In this paper, we first characterize the differential uniformity of those $(n,m)$-functions of the form $F(x,z)=\phi(z)I(x)$, where $I(x)$ is the $(m,m)$-Inverse function and $\phi(z)$ is an $(n-m,m)$-function.
Using this characterization, we construct an infinite family of differentially $\Delta$-uniform $(2m-1,m)$-functions with $m\geq 3$ achieving Nyberg's bound with equality, which also have high nonlinearity and not too low algebraic degree.
We then discuss an infinite family of differentially $4$-uniform $(m+1,m)$-functions in this form, which leads to many differentially $4$-uniform permutations.
We also present a method to construct infinite families of $(m+k,m)$-functions with low differential uniformity and construct an infinite family of $(2m-2,m)$-functions with $\Delta\leq2^{m-1}-2^{m-6}+2$ for any $m\geq 8$.
The constructed functions in this paper may provide more choices for the design of Feistel ciphers.

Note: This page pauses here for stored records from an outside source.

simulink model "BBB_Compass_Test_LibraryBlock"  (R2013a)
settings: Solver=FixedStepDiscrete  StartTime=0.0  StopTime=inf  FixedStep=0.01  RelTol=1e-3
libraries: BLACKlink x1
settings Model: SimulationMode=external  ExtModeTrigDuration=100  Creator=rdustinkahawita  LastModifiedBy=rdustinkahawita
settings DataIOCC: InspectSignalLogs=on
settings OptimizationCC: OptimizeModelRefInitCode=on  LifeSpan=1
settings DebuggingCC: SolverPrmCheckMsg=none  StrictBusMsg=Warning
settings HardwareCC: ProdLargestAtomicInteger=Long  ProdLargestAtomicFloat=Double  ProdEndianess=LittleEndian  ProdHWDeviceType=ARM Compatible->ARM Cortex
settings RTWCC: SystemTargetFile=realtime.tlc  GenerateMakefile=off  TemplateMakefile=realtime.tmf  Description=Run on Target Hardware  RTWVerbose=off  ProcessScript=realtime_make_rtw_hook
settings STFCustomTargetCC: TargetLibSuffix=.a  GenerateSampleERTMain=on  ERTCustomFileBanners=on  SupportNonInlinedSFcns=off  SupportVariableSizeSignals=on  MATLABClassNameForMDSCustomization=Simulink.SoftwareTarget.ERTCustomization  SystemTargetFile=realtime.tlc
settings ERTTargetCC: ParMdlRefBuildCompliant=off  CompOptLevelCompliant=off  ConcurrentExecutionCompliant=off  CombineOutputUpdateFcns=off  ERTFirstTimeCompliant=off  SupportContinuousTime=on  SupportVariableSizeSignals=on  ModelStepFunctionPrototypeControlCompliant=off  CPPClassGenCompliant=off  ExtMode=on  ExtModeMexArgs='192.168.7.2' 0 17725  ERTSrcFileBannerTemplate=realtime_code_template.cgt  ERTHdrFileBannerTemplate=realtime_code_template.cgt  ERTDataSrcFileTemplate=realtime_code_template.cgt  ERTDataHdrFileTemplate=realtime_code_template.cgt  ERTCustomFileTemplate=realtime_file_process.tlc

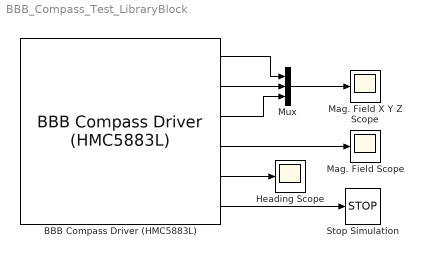
== system BBB_Compass_Test_LibraryBlock ==
  BBB Compass Driver (HMC5883L) : BLACKlink/BBB Compass Driver (HMC5883L)  BBB_I2CBus=BeagleBone Black I2C Channel 1  BBB_I2CAddress=Compass Address: 0x1E  BBB_Compass_DataOutAvrg=1 Sample per Measurement Output  BBB_Compass_DataOutRate=75 Hz  BBB_Compass_MeasureMode=Normal Configuration  BBB_Compass_GainValue=GN3 - Sensor Field Range: +/- 2.50 Ga; Gain: 660 LSb/Gauss  BBB_Compass_OpMode=Continuous Measurement Mode  BBB_Compass_HeadingMode=Output True North  BBB_Compass_HeadingOffset=0  BBB_Compass_DeclinationAng=-14.66  BBB_Compass_SelfTest=on  BBB_Compass_SelfTest_GainValue=GN5 - Sensor Field Range: +/- 4.70 Ga; Gain: 390 LSb/Gauss  BBB_Debug_InfoLevel=No Debug Info
  Heading Scope : Scope
      settings: YMin=0  YMax=375
  Mag. Field Scope : Scope
      settings: YMin=32  YMax=38.5  SaveName=ScopeData2
  Mag. Field X Y Z Scope : Scope
  Mux : Mux  Inputs=3
  Stop Simulation : Stop
  wires:
  BBB Compass Driver (HMC5883L)/6 -> Stop Simulation/1
  BBB Compass Driver (HMC5883L)/5 -> Heading Scope/1
  BBB Compass Driver (HMC5883L)/1 -> Mux/1
  BBB Compass Driver (HMC5883L)/2 -> Mux/2
  BBB Compass Driver (HMC5883L)/3 -> Mux/3
  Mux/1 -> Mag. Field X Y Z Scope/1
  BBB Compass Driver (HMC5883L)/4 -> Mag. Field Scope/1

**Category / Keywords: **secret-key cryptography / APN function, Differential Uniformity, Nyberg's bound, Substitution boxes, Semi-bent function

**Original Publication**** (with minor differences): **Designs, Codes and Cryptography
**DOI: **10.1007/s10623-018-0553-7

**Date: **received 29 Oct 2018

**Contact author: **1138470214 at qq com

**Available format(s): **PDF | BibTeX Citation

**Version: **20181102:010140 (All versions of this report)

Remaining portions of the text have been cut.